In vitro Anti-oxidant, Alpha-Amylase, and Alpha-Glucosidase Inhibition Studies of Physica aipolia (Ehrh.ex Humb.) Furnr

Abstract

Background: Diabetes prevalence is progressively rising everywhere, particularly in developing countries. Lichens have evolved into a rich source of innovative bioactive chemicals with their anti-oxidant capabilities, widening the scope of well-documented and effective diabetes treatment. Objective: The main objectives of this study were to perform in vitro alpha-amylase, alphaglucosidase inhibition analysis, and anti-oxidant of lichen Physica aipolia. Method: Folin Ciocalteu’s reagent was used to determine the total phenolic content for biological activities. The Aluminum trichloride method was used to determine total flavonoid content, and the free radical assay method was used to determine the antioxidant activity of P. aipolia using 2,2- diphenyl-1-picrylhydrazyl (DPPH). Moreover, substrate 2-Chloro-4-nitrophenyl-α-D-maltotrioside (CNPG3) and substrate-nitrophenyl-α-D-glucopyranose (p-NPG) were used for the determination of alpha-amylase and alpha-glucosidase inhibition activities respectively, and molecular docking was performed by Auto Dock Vina.

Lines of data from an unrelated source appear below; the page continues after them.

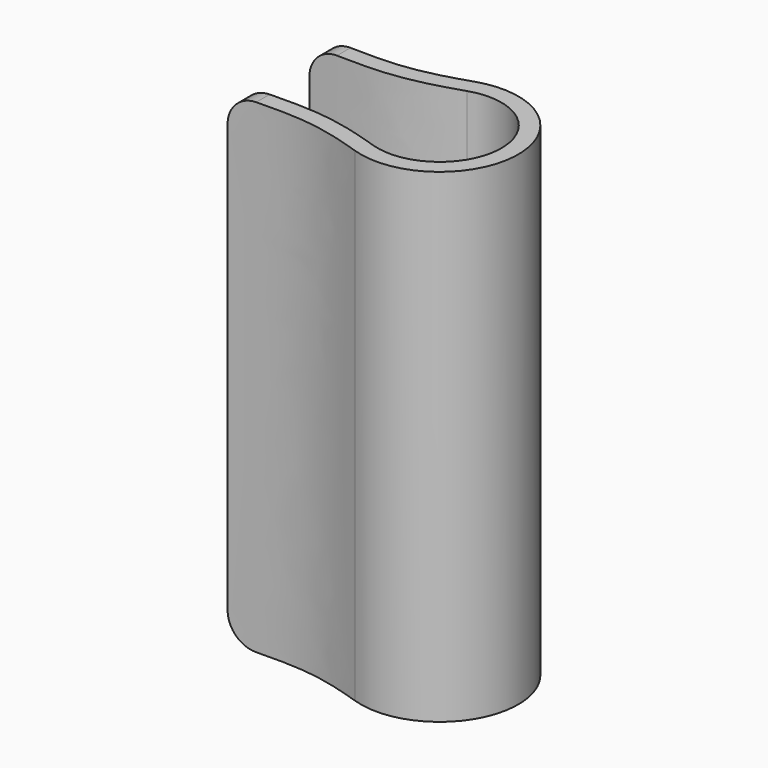
from build123d import *

# Parameters (mm, degrees)
F1_DEPTH = 86.11
F2_R     = 5
F3_R     = 5
F4_R     = 5


# Not quite as in the source:
# - the dataset's text gives a spline's control points without its knots; the knots are read off the source's solid


with BuildPart() as f1:
    # F0 (on Top) → F1 (new body)
    with BuildSketch(Plane.XY):
        with BuildLine():
            add(Edge.make_bspline(
                [(-29.23, -10.585), (-17.4530325989, -10.3312646709), (-14.3938385965, -9.9964864644), (-4.3826738853, -13.2963216573)],
                knots=[0, 0, 0, 0, 24.9948170664, 24.9948170664, 24.9948170664, 24.9948170664], degree=3))
            ThreePointArc((-4.3826738853, -13.2963216573), (14, 0), (-4.3826738853, 13.2963216573))
            add(Edge.make_bspline(
                [(-29.23, 10.585), (-17.4530325989, 10.3312646709), (-14.3938385965, 9.9964864644), (-4.3826738853, 13.2963216573)],
                knots=[0, 0, 0, 0, 24.9948170664, 24.9948170664, 24.9948170664, 24.9948170664], degree=3))
            Line((-29.23, 10.585), (-29.23, 7.5843010349))
            add(Edge.make_bspline(
                [(-29.2300000018, 7.5843009524), (-26.3264289999, 7.5214949579), (-22.7397747479, 7.4189906626), (-18.7158912708, 7.4405712538), (-15.8829489535, 7.5882179461), (-13.0899113875, 7.919906296), (-10.2045998481, 8.4774191522), (-7.0815280556, 9.2907869197), (-4.7236583696, 10.0251594583), (-3.443529459, 10.447109806)],
                knots=[0.0018385431, 0.0018385431, 0.0018385431, 0.0018385431, 0.25, 0.375, 0.5, 0.625, 0.75, 0.875, 1, 1, 1, 1], degree=3))
            ThreePointArc((-3.443529459, 10.447109806), (10.9999999288, 0), (-3.443529459, -10.447109806))
            add(Edge.make_bspline(
                [(-29.2300000018, -7.5843009524), (-26.3264289999, -7.5214949579), (-22.7397747479, -7.4189906626), (-18.7158912708, -7.4405712538), (-15.8829489535, -7.5882179461), (-13.0899113875, -7.919906296), (-10.2045998481, -8.4774191522), (-7.0815280556, -9.2907869197), (-4.7236583696, -10.0251594583), (-3.443529459, -10.447109806)],
                knots=[0.0018385431, 0.0018385431, 0.0018385431, 0.0018385431, 0.25, 0.375, 0.5, 0.625, 0.75, 0.875, 1, 1, 1, 1], degree=3))
            Line((-29.23, -7.5843010349), (-29.23, -10.585))
        make_face()
    extrude(amount=F1_DEPTH)

    # F2
    f2_edges = [f1.edges().sort_by_distance(p)[0] for p in [
        (-29.23, -9.084651, 0),
    ]]
    fillet(f2_edges, radius=F2_R)

    # F3
    f3_edges = [f1.edges().sort_by_distance(p)[0] for p in [
        (-29.23, 9.084651, 0),
    ]]
    fillet(f3_edges, radius=F3_R)

    # F4
    f4_edges = [f1.edges().sort_by_distance(p)[0] for p in [
        (-29.23, -9.084651, 86.11),
        (-29.23, 9.084651, 86.11),
    ]]
    fillet(f4_edges, radius=F4_R)


solid = f1.part

Results: Total phenolic and flavonoid contents present in P. aipolia were 37.41 ± 2.87 mg GAE/g and 5.53 ± 0.95 mg QE/g, respectively. For anti-oxidant inhibition activity, crude extract of methanol showed an IC50 value of 15.324 ± 0.80 μg/mL. Furthermore, a methanolic crude extract showed significant inhibition activities against alpha-amylase (IC50 = 178.50 ± 1.10 μg/mL) and alphaglucosidase (IC50 = 76.10 ± 0.91 μg/mL). During in silico analysis, zeorin showed an effective binding affinity with -7.9 kcal/mol, and Atranorin showed -7.4 kcal/mol in the orthosteric site of the protein. Conclusion: Physica aipolia exhibits the potential to impact biological functions, demonstrating antidiabetic properties, as confirmed by molecular docking analysis in silico.